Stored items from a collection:
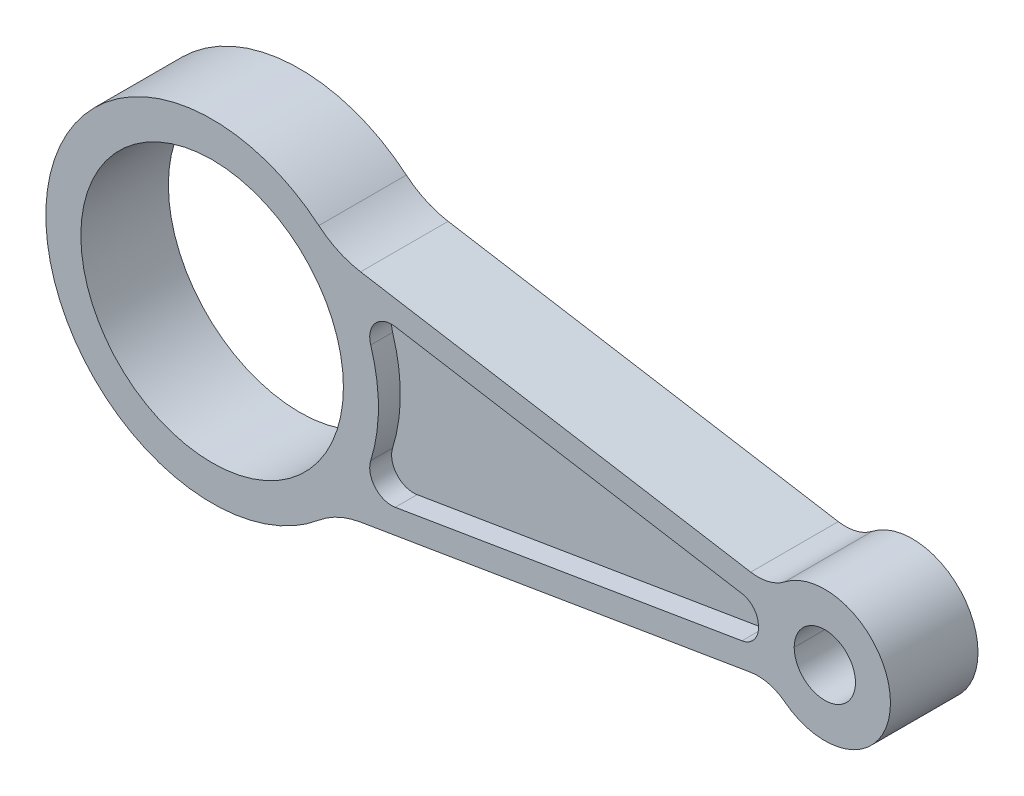
ISO-10303-21;
HEADER;
FILE_DESCRIPTION(('STEP AP214'),'2;1');
FILE_NAME('part.step','',(''),(''),'','','');
FILE_SCHEMA(('AUTOMOTIVE_DESIGN { 1 0 10303 214 1 1 1 1 }'));
ENDSEC;
DATA;
#1=APPLICATION_CONTEXT('core data for automotive mechanical design processes');
#2=APPLICATION_PROTOCOL_DEFINITION('international standard','automotive_design',2000,#1);
#3=PRODUCT_CONTEXT('',#1,'mechanical');
#4=PRODUCT('Part','Part','',(#3));
#5=PRODUCT_RELATED_PRODUCT_CATEGORY('part','',(#4));
#6=PRODUCT_DEFINITION_FORMATION('','',#4);
#7=PRODUCT_DEFINITION_CONTEXT('part definition',#1,'design');
#8=PRODUCT_DEFINITION('design','',#6,#7);
#9=PRODUCT_DEFINITION_SHAPE('','',#8);
#10=(LENGTH_UNIT() NAMED_UNIT(*) SI_UNIT(.MILLI.,.METRE.));
#11=(NAMED_UNIT(*) PLANE_ANGLE_UNIT() SI_UNIT($,.RADIAN.));
#12=(NAMED_UNIT(*) SI_UNIT($,.STERADIAN.) SOLID_ANGLE_UNIT());
#13=UNCERTAINTY_MEASURE_WITH_UNIT(LENGTH_MEASURE(1.E-05),#10,'distance_accuracy_value','');
#14=(GEOMETRIC_REPRESENTATION_CONTEXT(3) GLOBAL_UNCERTAINTY_ASSIGNED_CONTEXT((#13)) GLOBAL_UNIT_ASSIGNED_CONTEXT((#10,
#11,#12)) REPRESENTATION_CONTEXT('',''));
#15=CARTESIAN_POINT('',(0.,0.,0.));
#16=DIRECTION('',(0.,0.,1.));
#17=DIRECTION('',(1.,0.,0.));
#18=AXIS2_PLACEMENT_3D('',#15,#16,#17);
#19=CARTESIAN_POINT('',(140.,0.,-20.));
#20=DIRECTION('',(0.,0.,1.));
#21=DIRECTION('',(1.,0.,0.));
#22=AXIS2_PLACEMENT_3D('',#19,#20,#21);
#23=CYLINDRICAL_SURFACE('',#22,7.00000000000001);
#24=CARTESIAN_POINT('',(140.,0.,-20.));
#25=DIRECTION('',(0.,0.,1.));
#26=DIRECTION('',(1.,0.,0.));
#27=AXIS2_PLACEMENT_3D('',#24,#25,#26);
#28=CIRCLE('',#27,7.00000000000001);
#29=CARTESIAN_POINT('',(133.,0.,-20.));
#30=VERTEX_POINT('',#29);
#31=CARTESIAN_POINT('',(147.,0.,-20.));
#32=VERTEX_POINT('',#31);
#33=EDGE_CURVE('E326',#30,#32,#28,.T.);
#34=ORIENTED_EDGE('',*,*,#33,.F.);
#35=DIRECTION('',(0.,0.,1.));
#36=VECTOR('',#35,1.);
#37=CARTESIAN_POINT('',(133.,0.,-20.));
#38=LINE('',#37,#36);
#39=CARTESIAN_POINT('',(133.,0.,0.));
#40=VERTEX_POINT('',#39);
#41=EDGE_CURVE('E11',#30,#40,#38,.T.);
#42=ORIENTED_EDGE('',*,*,#41,.T.);
#43=CARTESIAN_POINT('',(140.,0.,0.));
#44=DIRECTION('',(0.,0.,1.));
#45=DIRECTION('',(1.,0.,0.));
#46=AXIS2_PLACEMENT_3D('',#43,#44,#45);
#47=CIRCLE('',#46,7.00000000000001);
#48=CARTESIAN_POINT('',(147.,0.,0.));
#49=VERTEX_POINT('',#48);
#50=EDGE_CURVE('E311',#40,#49,#47,.T.);
#51=ORIENTED_EDGE('',*,*,#50,.T.);
#52=DIRECTION('',(0.,0.,-1.));
#53=VECTOR('',#52,1.);
#54=CARTESIAN_POINT('',(147.,0.,-20.));
#55=LINE('',#54,#53);
#56=EDGE_CURVE('E49',#49,#32,#55,.T.);
#57=ORIENTED_EDGE('',*,*,#56,.T.);
#58=EDGE_LOOP('',(#34,#42,#51,#57));
#59=FACE_BOUND('',#58,.T.);
#60=ADVANCED_FACE('F40',(#59),#23,.F.);
#61=CARTESIAN_POINT('',(0.,0.,-20.));
#62=DIRECTION('',(0.,0.,1.));
#63=DIRECTION('',(1.,0.,0.));
#64=AXIS2_PLACEMENT_3D('',#61,#62,#63);
#65=CYLINDRICAL_SURFACE('',#64,38.);
#66=CARTESIAN_POINT('',(0.,0.,0.));
#67=DIRECTION('',(0.,0.,1.));
#68=DIRECTION('',(1.,0.,0.));
#69=AXIS2_PLACEMENT_3D('',#66,#67,#68);
#70=CIRCLE('',#69,38.);
#71=CARTESIAN_POINT('',(24.3781675337846,29.1496989297442,0.));
#72=VERTEX_POINT('',#71);
#73=CARTESIAN_POINT('',(24.3781675337846,-29.1496989297442,0.));
#74=VERTEX_POINT('',#73);
#75=EDGE_CURVE('E336',#72,#74,#70,.T.);
#76=ORIENTED_EDGE('',*,*,#75,.F.);
#77=DIRECTION('',(0.,0.,1.));
#78=VECTOR('',#77,1.);
#79=CARTESIAN_POINT('',(24.3781675337846,29.1496989297442,-20.));
#80=LINE('',#79,#78);
#81=CARTESIAN_POINT('',(24.3781675337846,29.1496989297442,-20.));
#82=VERTEX_POINT('',#81);
#83=EDGE_CURVE('E383',#72,#82,#80,.F.);
#84=ORIENTED_EDGE('',*,*,#83,.T.);
#85=CARTESIAN_POINT('',(0.,0.,-20.));
#86=DIRECTION('',(0.,0.,1.));
#87=DIRECTION('',(1.,0.,0.));
#88=AXIS2_PLACEMENT_3D('',#85,#86,#87);
#89=CIRCLE('',#88,38.);
#90=CARTESIAN_POINT('',(24.3781675337846,-29.1496989297442,-20.));
#91=VERTEX_POINT('',#90);
#92=EDGE_CURVE('E347',#82,#91,#89,.T.);
#93=ORIENTED_EDGE('',*,*,#92,.T.);
#94=DIRECTION('',(0.,0.,1.));
#95=VECTOR('',#94,1.);
#96=CARTESIAN_POINT('',(24.3781675337846,-29.1496989297442,-20.));
#97=LINE('',#96,#95);
#98=EDGE_CURVE('E380',#91,#74,#97,.T.);
#99=ORIENTED_EDGE('',*,*,#98,.T.);
#100=EDGE_LOOP('',(#76,#84,#93,#99));
#101=FACE_BOUND('',#100,.T.);
#102=ADVANCED_FACE('F42',(#101),#65,.T.);
#103=CARTESIAN_POINT('',(27.9354736759495,25.7606154914888,-20.));
#104=DIRECTION('',(0.164285714285714,0.986412795984335,0.));
#105=DIRECTION('',(-0.986412795984335,0.164285714285714,0.));
#106=AXIS2_PLACEMENT_3D('',#103,#104,#105);
#107=PLANE('',#106);
#108=DIRECTION('',(-0.986412795984335,0.164285714285714,0.));
#109=VECTOR('',#108,1.);
#110=CARTESIAN_POINT('',(27.9354736759495,25.7606154914888,-20.));
#111=LINE('',#110,#109);
#112=CARTESIAN_POINT('',(123.068754783715,9.91629645714704,-20.));
#113=VERTEX_POINT('',#112);
#114=CARTESIAN_POINT('',(33.9230677395358,24.7633898151861,-20.));
#115=VERTEX_POINT('',#114);
#116=EDGE_CURVE('E355',#113,#115,#111,.T.);
#117=ORIENTED_EDGE('',*,*,#116,.T.);
#118=DIRECTION('',(0.,0.,-1.));
#119=VECTOR('',#118,1.);
#120=CARTESIAN_POINT('',(33.9230677395358,24.7633898151861,0.));
#121=LINE('',#120,#119);
#122=CARTESIAN_POINT('',(33.9230677395358,24.7633898151861,0.));
#123=VERTEX_POINT('',#122);
#124=EDGE_CURVE('E377',#115,#123,#121,.F.);
#125=ORIENTED_EDGE('',*,*,#124,.T.);
#126=DIRECTION('',(-0.986412795984335,0.164285714285714,0.));
#127=VECTOR('',#126,1.);
#128=CARTESIAN_POINT('',(27.9354736759495,25.7606154914888,0.));
#129=LINE('',#128,#127);
#130=CARTESIAN_POINT('',(123.068754783715,9.91629645714704,0.));
#131=VERTEX_POINT('',#130);
#132=EDGE_CURVE('E344',#131,#123,#129,.T.);
#133=ORIENTED_EDGE('',*,*,#132,.F.);
#134=DIRECTION('',(0.,0.,-1.));
#135=VECTOR('',#134,1.);
#136=CARTESIAN_POINT('',(123.068754783715,9.91629645714704,-20.));
#137=LINE('',#136,#135);
#138=EDGE_CURVE('E363',#131,#113,#137,.T.);
#139=ORIENTED_EDGE('',*,*,#138,.T.);
#140=EDGE_LOOP('',(#117,#125,#133,#139));
#141=FACE_BOUND('',#140,.T.);
#142=ADVANCED_FACE('F421',(#141),#107,.T.);
#143=CARTESIAN_POINT('',(140.,0.,-20.));
#144=DIRECTION('',(0.,0.,1.));
#145=DIRECTION('',(1.,0.,0.));
#146=AXIS2_PLACEMENT_3D('',#143,#144,#145);
#147=CYLINDRICAL_SURFACE('',#146,15.);
#148=CARTESIAN_POINT('',(140.,0.,-20.));
#149=DIRECTION('',(0.,0.,1.));
#150=DIRECTION('',(1.,0.,0.));
#151=AXIS2_PLACEMENT_3D('',#148,#149,#150);
#152=CIRCLE('',#151,15.);
#153=CARTESIAN_POINT('',(130.826967155943,-11.8682546501942,-20.));
#154=VERTEX_POINT('',#153);
#155=CARTESIAN_POINT('',(130.826967155943,11.8682546501942,-20.));
#156=VERTEX_POINT('',#155);
#157=EDGE_CURVE('E352',#154,#156,#152,.T.);
#158=ORIENTED_EDGE('',*,*,#157,.T.);
#159=DIRECTION('',(0.,0.,1.));
#160=VECTOR('',#159,1.);
#161=CARTESIAN_POINT('',(130.826967155943,11.8682546501942,-20.));
#162=LINE('',#161,#160);
#163=CARTESIAN_POINT('',(130.826967155943,11.8682546501942,0.));
#164=VERTEX_POINT('',#163);
#165=EDGE_CURVE('E360',#156,#164,#162,.T.);
#166=ORIENTED_EDGE('',*,*,#165,.T.);
#167=CARTESIAN_POINT('',(140.,0.,0.));
#168=DIRECTION('',(0.,0.,1.));
#169=DIRECTION('',(1.,0.,0.));
#170=AXIS2_PLACEMENT_3D('',#167,#168,#169);
#171=CIRCLE('',#170,15.);
#172=CARTESIAN_POINT('',(130.826967155943,-11.8682546501942,0.));
#173=VERTEX_POINT('',#172);
#174=EDGE_CURVE('E341',#173,#164,#171,.T.);
#175=ORIENTED_EDGE('',*,*,#174,.F.);
#176=DIRECTION('',(0.,0.,1.));
#177=VECTOR('',#176,1.);
#178=CARTESIAN_POINT('',(130.826967155943,-11.8682546501942,-20.));
#179=LINE('',#178,#177);
#180=EDGE_CURVE('E358',#173,#154,#179,.F.);
#181=ORIENTED_EDGE('',*,*,#180,.T.);
#182=EDGE_LOOP('',(#158,#166,#175,#181));
#183=FACE_BOUND('',#182,.T.);
#184=ADVANCED_FACE('F431',(#183),#147,.T.);
#185=CARTESIAN_POINT('',(27.9354736759495,-25.7606154914888,-20.));
#186=DIRECTION('',(0.164285714285714,-0.986412795984335,0.));
#187=DIRECTION('',(0.986412795984335,0.164285714285714,0.));
#188=AXIS2_PLACEMENT_3D('',#185,#186,#187);
#189=PLANE('',#188);
#190=DIRECTION('',(0.986412795984335,0.164285714285714,0.));
#191=VECTOR('',#190,1.);
#192=CARTESIAN_POINT('',(27.9354736759495,-25.7606154914888,0.));
#193=LINE('',#192,#191);
#194=CARTESIAN_POINT('',(33.9230677395358,-24.7633898151861,0.));
#195=VERTEX_POINT('',#194);
#196=CARTESIAN_POINT('',(123.068754783715,-9.91629645714704,0.));
#197=VERTEX_POINT('',#196);
#198=EDGE_CURVE('E339',#195,#197,#193,.T.);
#199=ORIENTED_EDGE('',*,*,#198,.F.);
#200=DIRECTION('',(0.,0.,-1.));
#201=VECTOR('',#200,1.);
#202=CARTESIAN_POINT('',(33.9230677395358,-24.7633898151861,-20.));
#203=LINE('',#202,#201);
#204=CARTESIAN_POINT('',(33.9230677395358,-24.7633898151861,-20.));
#205=VERTEX_POINT('',#204);
#206=EDGE_CURVE('E385',#195,#205,#203,.T.);
#207=ORIENTED_EDGE('',*,*,#206,.T.);
#208=DIRECTION('',(0.986412795984335,0.164285714285714,0.));
#209=VECTOR('',#208,1.);
#210=CARTESIAN_POINT('',(27.9354736759495,-25.7606154914888,-20.));
#211=LINE('',#210,#209);
#212=CARTESIAN_POINT('',(123.068754783715,-9.91629645714704,-20.));
#213=VERTEX_POINT('',#212);
#214=EDGE_CURVE('E350',#205,#213,#211,.T.);
#215=ORIENTED_EDGE('',*,*,#214,.T.);
#216=DIRECTION('',(0.,0.,-1.));
#217=VECTOR('',#216,1.);
#218=CARTESIAN_POINT('',(123.068754783715,-9.91629645714704,0.));
#219=LINE('',#218,#217);
#220=EDGE_CURVE('E365',#213,#197,#219,.F.);
#221=ORIENTED_EDGE('',*,*,#220,.T.);
#222=EDGE_LOOP('',(#199,#207,#215,#221));
#223=FACE_BOUND('',#222,.T.);
#224=ADVANCED_FACE('F404',(#223),#189,.T.);
#225=CARTESIAN_POINT('',(0.,0.,-20.));
#226=DIRECTION('',(0.,0.,1.));
#227=DIRECTION('',(1.,0.,0.));
#228=AXIS2_PLACEMENT_3D('',#225,#226,#227);
#229=PLANE('',#228);
#230=DIRECTION('',(0.986412795984335,-0.164285714285714,0.));
#231=VECTOR('',#230,1.);
#232=CARTESIAN_POINT('',(121.445609230919,4.61087017438385,-20.));
#233=LINE('',#232,#231);
#234=CARTESIAN_POINT('',(41.8285545583335,17.8709827250915,-20.));
#235=VERTEX_POINT('',#234);
#236=CARTESIAN_POINT('',(121.445609230919,4.61087017438385,-20.));
#237=VERTEX_POINT('',#236);
#238=EDGE_CURVE('E215',#235,#237,#233,.T.);
#239=ORIENTED_EDGE('',*,*,#238,.F.);
#240=CARTESIAN_POINT('',(41.0071259869049,12.9389187451698,-20.));
#241=DIRECTION('',(0.,0.,-1.));
#242=DIRECTION('',(1.,0.,0.));
#243=AXIS2_PLACEMENT_3D('',#240,#241,#242);
#244=CIRCLE('',#243,5.);
#245=CARTESIAN_POINT('',(36.2388555233113,11.4343933096849,-20.));
#246=VERTEX_POINT('',#245);
#247=EDGE_CURVE('E219',#246,#235,#244,.T.);
#248=ORIENTED_EDGE('',*,*,#247,.F.);
#249=CARTESIAN_POINT('',(0.,0.,-20.));
#250=DIRECTION('',(0.,0.,1.));
#251=DIRECTION('',(-1.,0.,0.));
#252=AXIS2_PLACEMENT_3D('',#249,#250,#251);
#253=CIRCLE('',#252,38.);
#254=CARTESIAN_POINT('',(36.2388555233113,-11.4343933096849,-20.));
#255=VERTEX_POINT('',#254);
#256=EDGE_CURVE('E236',#255,#246,#253,.T.);
#257=ORIENTED_EDGE('',*,*,#256,.F.);
#258=CARTESIAN_POINT('',(41.0071259869049,-12.9389187451698,-20.));
#259=DIRECTION('',(0.,0.,-1.));
#260=DIRECTION('',(-1.,0.,0.));
#261=AXIS2_PLACEMENT_3D('',#258,#259,#260);
#262=CIRCLE('',#261,5.);
#263=CARTESIAN_POINT('',(41.8285545583335,-17.8709827250915,-20.));
#264=VERTEX_POINT('',#263);
#265=EDGE_CURVE('E233',#264,#255,#262,.T.);
#266=ORIENTED_EDGE('',*,*,#265,.F.);
#267=DIRECTION('',(-0.986412795984335,-0.164285714285714,0.));
#268=VECTOR('',#267,1.);
#269=CARTESIAN_POINT('',(121.433526351168,-4.61288256163042,-20.));
#270=LINE('',#269,#268);
#271=CARTESIAN_POINT('',(121.433526351168,-4.61288256163042,-20.));
#272=VERTEX_POINT('',#271);
#273=EDGE_CURVE('E227',#272,#264,#270,.T.);
#274=ORIENTED_EDGE('',*,*,#273,.F.);
#275=CARTESIAN_POINT('',(120.694240636883,-0.174024979700915,-20.));
#276=DIRECTION('',(0.,0.,-1.));
#277=DIRECTION('',(-1.,0.,0.));
#278=AXIS2_PLACEMENT_3D('',#275,#276,#277);
#279=CIRCLE('',#278,4.5);
#280=CARTESIAN_POINT('',(125.194211833788,-0.157924451151643,-20.));
#281=VERTEX_POINT('',#280);
#282=EDGE_CURVE('E225',#281,#272,#279,.T.);
#283=ORIENTED_EDGE('',*,*,#282,.F.);
#284=CARTESIAN_POINT('',(120.706323516633,0.172012592454348,-20.));
#285=DIRECTION('',(0.,0.,-1.));
#286=DIRECTION('',(1.,0.,0.));
#287=AXIS2_PLACEMENT_3D('',#284,#285,#286);
#288=CIRCLE('',#287,4.5);
#289=EDGE_CURVE('E203',#237,#281,#288,.T.);
#290=ORIENTED_EDGE('',*,*,#289,.F.);
#291=EDGE_LOOP('',(#239,#248,#257,#266,#274,#283,#290));
#292=FACE_BOUND('',#291,.T.);
#293=EDGE_CURVE('E327',#32,#30,#28,.T.);
#294=ORIENTED_EDGE('',*,*,#293,.T.);
#295=ORIENTED_EDGE('',*,*,#33,.T.);
#296=EDGE_LOOP('',(#294,#295));
#297=FACE_BOUND('',#296,.T.);
#298=CARTESIAN_POINT('',(0.,0.,-20.));
#299=DIRECTION('',(0.,0.,1.));
#300=DIRECTION('',(1.,0.,0.));
#301=AXIS2_PLACEMENT_3D('',#298,#299,#300);
#302=CIRCLE('',#301,30.);
#303=CARTESIAN_POINT('',(30.,0.,-20.));
#304=VERTEX_POINT('',#303);
#305=EDGE_CURVE('E333',#304,#304,#302,.T.);
#306=ORIENTED_EDGE('',*,*,#305,.T.);
#307=EDGE_LOOP('',(#306));
#308=FACE_BOUND('',#307,.T.);
#309=ORIENTED_EDGE('',*,*,#92,.F.);
#310=CARTESIAN_POINT('',(37.2087820252501,44.4916457348728,-20.));
#311=DIRECTION('',(0.,0.,1.));
#312=DIRECTION('',(1.,0.,0.));
#313=AXIS2_PLACEMENT_3D('',#310,#311,#312);
#314=CIRCLE('',#313,20.);
#315=EDGE_CURVE('E389',#82,#115,#314,.T.);
#316=ORIENTED_EDGE('',*,*,#315,.T.);
#317=ORIENTED_EDGE('',*,*,#116,.F.);
#318=CARTESIAN_POINT('',(124.711611926572,19.7804244169904,-20.));
#319=DIRECTION('',(0.,0.,1.));
#320=DIRECTION('',(1.,0.,0.));
#321=AXIS2_PLACEMENT_3D('',#318,#319,#320);
#322=CIRCLE('',#321,10.);
#323=EDGE_CURVE('E370',#113,#156,#322,.T.);
#324=ORIENTED_EDGE('',*,*,#323,.T.);
#325=ORIENTED_EDGE('',*,*,#157,.F.);
#326=CARTESIAN_POINT('',(124.711611926572,-19.7804244169904,-20.));
#327=DIRECTION('',(0.,0.,1.));
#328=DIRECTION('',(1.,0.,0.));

TASK PROMPT: Every line from the line containing "#74=VERTEX_POINT('',#73);" through the line containing "#97=LINE('',#96,#95);" in the records above must be retyped exactly. Leave out the rest.

TASK OUTPUT:
#74=VERTEX_POINT('',#73);
#75=EDGE_CURVE('E336',#72,#74,#70,.T.);
#76=ORIENTED_EDGE('',*,*,#75,.F.);
#77=DIRECTION('',(0.,0.,1.));
#78=VECTOR('',#77,1.);
#79=CARTESIAN_POINT('',(24.3781675337846,29.1496989297442,-20.));
#80=LINE('',#79,#78);
#81=CARTESIAN_POINT('',(24.3781675337846,29.1496989297442,-20.));
#82=VERTEX_POINT('',#81);
#83=EDGE_CURVE('E383',#72,#82,#80,.F.);
#84=ORIENTED_EDGE('',*,*,#83,.T.);
#85=CARTESIAN_POINT('',(0.,0.,-20.));
#86=DIRECTION('',(0.,0.,1.));
#87=DIRECTION('',(1.,0.,0.));
#88=AXIS2_PLACEMENT_3D('',#85,#86,#87);
#89=CIRCLE('',#88,38.);
#90=CARTESIAN_POINT('',(24.3781675337846,-29.1496989297442,-20.));
#91=VERTEX_POINT('',#90);
#92=EDGE_CURVE('E347',#82,#91,#89,.T.);
#93=ORIENTED_EDGE('',*,*,#92,.T.);
#94=DIRECTION('',(0.,0.,1.));
#95=VECTOR('',#94,1.);
#96=CARTESIAN_POINT('',(24.3781675337846,-29.1496989297442,-20.));
#97=LINE('',#96,#95);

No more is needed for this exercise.